# best all round medium size lizard?.



## mimic58 (Aug 8, 2005)

They all sell for arround the same price on captive bred young , but i only have room for one more Big fellow these 3 all have alot going for them but i suspect one maybe a better choice than the others perhaps you can tell me wich one it is and why?


----------



## moricollins (Aug 8, 2005)

Tegu's are not medium sized lizards, they get to the same size, I think,  as many of the monitors.


----------



## Melmoth (Aug 8, 2005)

Without a doubt,I'd say Beardies.They can't be considered small,neither are they too large.They do have a massive personality,though


----------



## Beardo (Aug 8, 2005)

I like the Ackies. If I had to get a varanid, it'd be an Ackie. Bearded Dragons are too common for my tastes.


----------



## Fini (Aug 8, 2005)

DavidBeard said:
			
		

> I like the Ackies. If I had to get a varanid, it'd be an Ackie. Bearded Dragons are too common for my tastes.

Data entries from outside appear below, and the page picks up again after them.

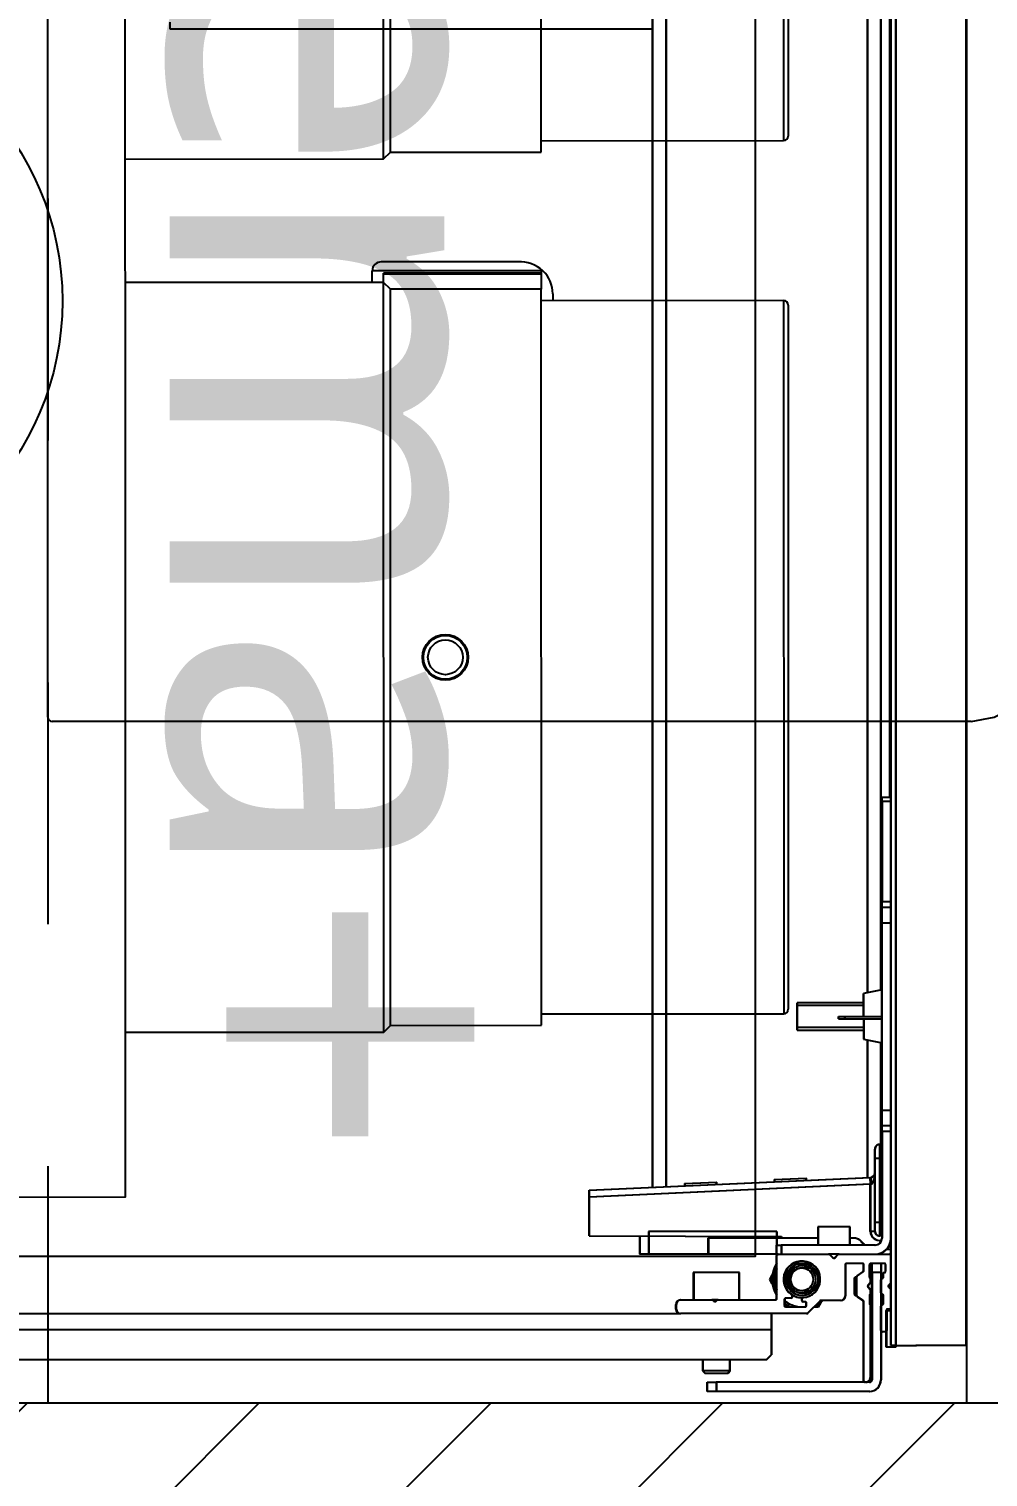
# Model space of a CAD drawing. Extents: x -2932 to 12371, y 2178 to 6224.
# Drawn here: x 6293.4 to 6314.38, y 4298.76 to 4330.44 of the extents above; entities that cross this region are included whole.
import ezdxf
from ezdxf import colors
from ezdxf.entities.mleader import LeaderData, LeaderLine
from ezdxf.math import Vec2, Vec3

# ---------------------------------------------------------------- set-up
doc = ezdxf.new("R2010")
doc.units = 0
doc.header["$PDMODE"] = 67
for name, pattern in [('ACAD_ISO02W100', [15, 12, -3]), ('prlm_ef', [0.165, 0.1, -0.065]), ('Style de ligne -1', [0.41664, 0.20828, -0.20836])]:
    doc.linetypes.add(name, pattern=pattern)
doc.layers.get('0').update_dxf_attribs({"color": 252})
doc.layers.add('_GAZELEC-BOITE INCORPO', color=36, linetype='Continuous', lineweight=18)
doc.layers.add('_GAZELEC-RESERVATION', color=1, linetype='Continuous', lineweight=18)
for name, color, linetype in [('B aménagement intérieur', 252, 'Continuous'), ('B GÈnÈral_Hatch', 252, 'Continuous'), ('B Général', 252, 'Continuous'), ('C ANNOTATIONS-prestations', 252, 'Continuous'), ('GAZ-GAZ N-1', 202, 'Continuous'), ('MTI900_Alu', 252, 'Continuous'), ('prlm-CHAUFF', 30, 'Continuous'), ('prlm-EAU-EF', 161, 'Continuous'), ('prlm-MOD', 64, 'Continuous')]:
    doc.layers.add(name, color=color, linetype=linetype)
doc.layers.add('prlm-ZEROPLOT', color=254, linetype='Continuous', plot=False)
doc.styles.add('Arial', font='arial.ttf')
doc.styles.add('prlm-chauff', font='trebucbi.ttf', dxfattribs={"height": 18})
doc.styles.get("Standard").update_dxf_attribs({"font": 'isocp.shx', "height": 15})
doc.dimstyles.new('200', dxfattribs={"dimscale": 0.1, "dimtxt": 150, "dimasz": 25, "dimexe": 50, "dimexo": 50, "dimgap": 20, "dimtad": 1, "dimdec": 0, "dimdsep": 46, "dimtxsty": 'Arial', "dimblk1": 'DOTBLANK', "dimblk2": 'DOTBLANK', "dimsah": 1, "dimcen": 25, "dimclrd": 5, "dimclre": 5, "dimadec": 0, "dimazin": 0, "dimtfac": 1, "dimtdec": 0, "dimtmove": 0, "dimatfit": 3, "dimldrblk": 'DOTBLANK', "dimfxl": 50, "dimtolj": 1, "dimtzin": 0, "dimarcsym": 0})

# ---------------------------------------------------------------- blocks, each defined once
blk = doc.blocks.new('A n1.200_wc-2')
at = {"layer": 'B Général', "linetype": 'Continuous'}
for p, q in [((-25, -20.1), (-25, 0)), ((-24.9, 0.1), (24.9, 0.1))]:
    blk.add_line(p, q, dxfattribs=at)
at = {"layer": 'B Général', "linetype": 'Continuous', "flags": 128}
blk.add_lwpolyline([(-25, -20.1), (-24.9, -20.6), (-24.75, -20.9), (-24.55, -21.2), (-24.3, -21.45), (-23.9, -21.7), (-23.4, -21.85), (-23.15, -21.9), (23.25, -21.9), (23.55, -21.85), (23.9, -21.7), (24.2, -21.5), (24.45, -21.3), (24.65, -21.05), (24.8, -20.75), (24.9, -20.5), (24.95, -20.3), (25, -20.1)], dxfattribs=at)
at = {"layer": 'B Général', "linetype": 'Continuous'}
blk.add_arc((-24.9, 0), 0.1, 90, 180, dxfattribs=at)
blk = doc.blocks.new('A n1.Groupe-6-1')
at = {"layer": 'B Général', "linetype": 'Style de ligne -1', "ltscale": 25.4, "flags": 128}
blk.add_lwpolyline([(-35.4, 7.6), (35.6, 7.6), (35.6, -32.4), (-35.4, -32.4)], close=True, dxfattribs=at)
at = {"layer": 'B Général', "xscale": -1, "rotation": 270}
blk.add_blockref('A n1.200_wc-2', (35.5, 7.5), dxfattribs=at)
blk = doc.blocks.new('A n1.WC-plan-PMR')
at = {"layer": 'B Général'}
blk.add_blockref('A n1.Groupe-6-1', (0, 0), dxfattribs=at)
blk = doc.blocks.new('A n1.T4 A32_A33 (2D)')
at = {"layer": 'B Général', "rotation": 180}
blk.add_blockref('A n1.WC-plan-PMR', (-583.58, 219.235), dxfattribs=at)
blk = doc.blocks.new('A n1.G 100_80')
at = {"layer": 'B Général', "linetype": 'Continuous'}
blk.add_line((48.52, 43.75), (48.52, -43.75), dxfattribs=at)
at = {"layer": 'B Général', "linetype": 'Continuous', "flags": 128}
blk.add_lwpolyline([(9.5, -45), (9.5, 45), (48.52, 45), (48.52, -45)], close=True, dxfattribs=at)
at = {"layer": 'C ANNOTATIONS-prestations'}
for p, q in [((43.05, 44.75), (42.85, 44.75)), ((42.85, 44.75), (42.85, 44.55)), ((46.4, 44.75), (43.05, 44.75)), ((43.05, 44.55), (43.05, 44.75)), ((42.75, 44.3), (42.8, 44.35)), ((42.8, 44.35), (43.3, 44.35)), ((42.85, 44.55), (43.05, 44.55)), ((46.4, 44.55), (43.05, 44.55)), ((43.3, 44.35), (43.35, 44.3)), ((46.27, 44.52), (46.27, 42.791)), ((46.32, 44.55), (46.3, 44.55)), ((46.42, 42.855), (46.42, 44.45)), ((46.45, 42.15), (46.45, 44.5)), ((46.65, 42.15), (46.65, 44.5)), ((13.65, 44.05), (44.15, 44.05)), ((43.35, 44.3), (42.75, 44.3)), ((42.75, 44.05), (42.75, 44.3)), ((43.35, 44.3), (43.35, 44.05)), ((44.15, 44.05), (44.25, 43.95)), ((44.25, 43.4), (44.25, 43.95)), ((46.97, 43.78), (46.77, 43.78)), ((46.77, 43.78), (46.77, 42.98)), ((46.87, 43.75), (46.87, -43.75)), ((46.97, 43.75), (46.87, 43.75)), ((46.97, 43.75), (46.97, 43.78)), ((46.97, -43.75), (46.97, 43.75)), ((46.97, 43.75), (47.42, 43.75)), ((48.52, 43.75), (47.42, 43.75)), ((13.55, 43.4), (44.25, 43.4)), ((44.25, 43.05), (44.25, 43.4)), ((46.65, 43.42), (46.65, 42.885)), ((46.74, 43.45), (46.68, 43.45)), ((46.77, 42.98), (46.77, 43.42)), ((15.5, 43.05), (42.27, 43.05)), ((42.17, 42.95), (42.17, 42.85)), ((45.028, 43.05), (42.27, 43.05)), ((42.979, 42.759), (42.999, 42.779)), ((43.041, 42.779), (43.061, 42.759)), ((44.566, 42.9), (44.54, 42.854)), ((44.54, 42.74), (44.54, 42.87)), ((44.57, 42.9), (44.99, 42.9)), ((44.92, 42.76), (44.92, 42.729)), ((44.99, 42.79), (44.95, 42.79)), ((45.02, 42.87), (45.02, 42.82)), ((45.321, 42.769), (45.049, 43.041)), ((45.27, 42.906), (45.184, 42.906)), ((45.328, 42.806), (45.27, 42.906)), ((45.77, 42.76), (45.342, 42.76)), ((46.257, 42.766), (46.133, 42.679)), ((46.4, 42.653), (46.4, 42.827)), ((46.7, 42.826), (46.7, 42.654)), ((46.77, 42.98), (46.87, 42.98)), ((46.84, 42.95), (46.8, 42.95)), ((42.27, 42.75), (42.958, 42.75)), ((42.55, 42.15), (42.55, 42.75)), ((43.082, 42.75), (42.958, 42.75)), ((43.082, 42.75), (44.34, 42.75)), ((43.55, 42.75), (43.55, 42.15)), ((44.37, 42.72), (44.37, 41.78)), ((44.68, 42.71), (44.57, 42.71)), ((44.71, 42.657), (44.71, 42.68)), ((45.87, 41.98), (45.87, 42.66)), ((46.07, 42.63), (46.09, 42.65)), ((46.07, 42.27), (46.07, 42.63)), ((46.07, 42.607), (46.12, 42.607)), ((46.09, 42.25), (46.09, 42.65)), ((46.09, 42.65), (46.12, 42.65)), ((46.12, 42.654), (46.12, 42.246)), ((46.371, 42.471), (46.42, 42.521)), ((46.4, 42.65), (46.45, 42.65)), ((46.4, 42.607), (46.45, 42.607)), ((46.42, 42.521), (46.42, 42.625)), ((46.65, 42.595), (46.65, 42.31)), ((46.661, 42.651), (46.7, 42.69)), ((46.661, 42.618), (46.661, 42.651)), ((46.821, 42.471), (46.87, 42.521)), ((46.835, 42.414), (46.835, 42.486)), ((43.55, 42.15), (42.55, 42.15)), ((44.278, 42.4), (44.22, 42.3)), ((44.22, 42.3), (44.278, 42.2)), ((46.07, 42.293), (46.12, 42.293)), ((46.09, 42.25), (46.07, 42.27)), ((46.12, 42.25), (46.09, 42.25)), ((46.133, 42.221), (46.257, 42.134)), ((46.42, 42.379), (46.371, 42.429)), ((46.4, 42.293), (46.45, 42.293)), ((46.4, 42.252), (46.4, 41.98)), ((46.45, 42.25), (46.4, 42.25)), ((46.42, 42.28), (46.42, 42.379)), ((46.65, 42.15), (46.45, 42.15)), ((46.45, 42.15), (46.45, 41.95)), ((46.65, 41.95), (46.65, 42.15)), ((46.661, 42.25), (46.661, 42.287)), ((46.7, 42.21), (46.661, 42.25)), ((46.7, 42.251), (46.7, 42.15)), ((46.7, 42.15), (46.72, 42.15)), ((46.87, 42.379), (46.821, 42.429)), ((45.114, 41.95), (44.726, 41.95)), ((45.529, 41.759), (45.599, 41.829)), ((45.641, 41.829), (45.711, 41.759)), ((46.24, 41.95), (45.9, 41.95)), ((46.27, 42.109), (46.27, 41.98)), ((46.72, 41.95), (46.43, 41.95)), ((46.75, 42.12), (46.75, 41.98)), ((41.57, 41.75), (41.37, 41.75)), ((41.37, 41.354), (41.37, 41.75)), ((42.87, 41.75), (41.57, 41.75)), ((41.57, 41.25), (41.57, 41.75)), ((44.37, 41.75), (42.87, 41.75)), ((42.87, 41.4), (42.87, 41.75)), ((44.4, 41.75), (44.37, 41.75)), ((44.37, 41.75), (44.37, 41.55)), ((44.37, 41.4), (44.37, 41.55)), ((44.37, 41.55), (44.47, 41.55)), ((44.4, 41.75), (45.508, 41.75)), ((44.47, 41.55), (44.47, 41.75)), ((46.52, 41.55), (44.47, 41.55)), ((45.27, 41.15), (45.27, 41.55)), ((45.732, 41.75), (45.508, 41.75)), ((45.732, 41.75), (46.84, 41.75)), ((45.97, 41.55), (45.97, 41.15)), ((46.87, 41.65), (46.765, 41.65)), ((46.87, 41.75), (46.84, 41.75)), ((40.27, 41.351), (44.47, 41.36)), ((40.27, 41.351), (40.27, 40.5)), ((44.37, 41.25), (41.57, 41.25)), ((44.37, 41.4), (42.87, 41.4)), ((44.37, 41.25), (44.37, 41.4)), ((45.27, 41.4), (44.37, 41.4)), ((44.47, 41.36), (44.472, 41.4)), ((46.067, 41.4), (45.97, 41.4)), ((46.42, 41.25), (46.42, 40.221)), ((46.52, 41.25), (46.42, 41.25)), ((46.52, 41.25), (46.52, 41.05)), ((46.67, 41.35), (46.62, 41.35)), ((46.62, 41.05), (46.62, 41.35)), ((46.67, 39.067), (46.67, 41.4)), ((45.97, 41.15), (45.27, 41.15)), ((46.52, 41.05), (46.52, 39.65)), ((46.52, 41.05), (46.62, 41.05)), ((46.62, 41.05), (46.67, 41.05)), ((46.62, 39.65), (46.62, 41.05)), ((46.42, 40.221), (40.27, 40.5)), ((40.27, 40.5), (40.27, 40.35)), ((40.27, 40.35), (46.413, 40.071)), ((41.65, 2.775), (41.65, 40.287)), ((41.95, 2.775), (41.95, 40.274)), ((42.354, 40.205), (42.357, 40.255)), ((42.354, 40.205), (43.056, 40.173)), ((43.058, 40.223), (43.056, 40.173)), ((44.316, 40.116), (44.319, 40.166)), ((44.316, 40.116), (45.018, 40.084)), ((45.02, 40.134), (45.018, 40.084)), ((46.35, 37.066), (46.35, 40.074)), ((46.413, 40.071), (46.42, 40.221)), ((46.413, 40.071), (46.425, 40.07)), ((46.425, 40.22), (46.42, 40.221)), ((46.52, 39.65), (46.52, 39.45)), ((46.52, 39.65), (46.62, 39.65)), ((46.67, 39.65), (46.62, 39.65)), ((46.62, 39.35), (46.62, 39.65)), ((46.62, 39.35), (46.67, 39.35)), ((46.65, 39.35), (46.65, 37.126)), ((46.87, 39.067), (46.67, 39.067)), ((46.67, 39.067), (46.67, 38.932)), ((46.67, 38.932), (46.67, 38.6)), ((46.67, 38.932), (46.87, 38.932)), ((46.67, 38.6), (46.67, 34.5)), ((46.67, 38.6), (46.87, 38.6)), ((46.27, 37.05), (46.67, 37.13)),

What about a uromastyx?  They are right there in the ball park, and are another nice lizard to keep.  Tegu's and Monitors get pretty big, and can have a nasty attitude, though I have met some pretty gentle ones too.

C


----------



## mimic58 (Aug 8, 2005)

moricollins said:
			
		

> Tegu's are not medium sized lizards, they get to the same size, I think,  as many of the monitors.


they all rarely exceed 1 meter, to me thats medium size for a lizard, a nile water or komodo is what i call large...


----------



## mimic58 (Aug 8, 2005)

Fini said:
			
		

> What about a uromastyx?


can you offer a description im not sure what reptile you mean. but it sounds worth investigating....


----------



## Fini (Aug 8, 2005)

Here is a picture that I found.  This guy is pretty brilliant.  I left a link below for more information.  I've never kept one myself, but a friend has been keeping them for years and loves them.  It's a great alternative to beardies anyway.

http://www.uromastyx.net/ 

http://urotopia.com/greenguy3.jpg


----------



## Nivek (Aug 8, 2005)

Myself, I have a pair of Mali Uromastyx that are awesome. To my knowledge, they get a little under 2' and they are great lizards in my opinion.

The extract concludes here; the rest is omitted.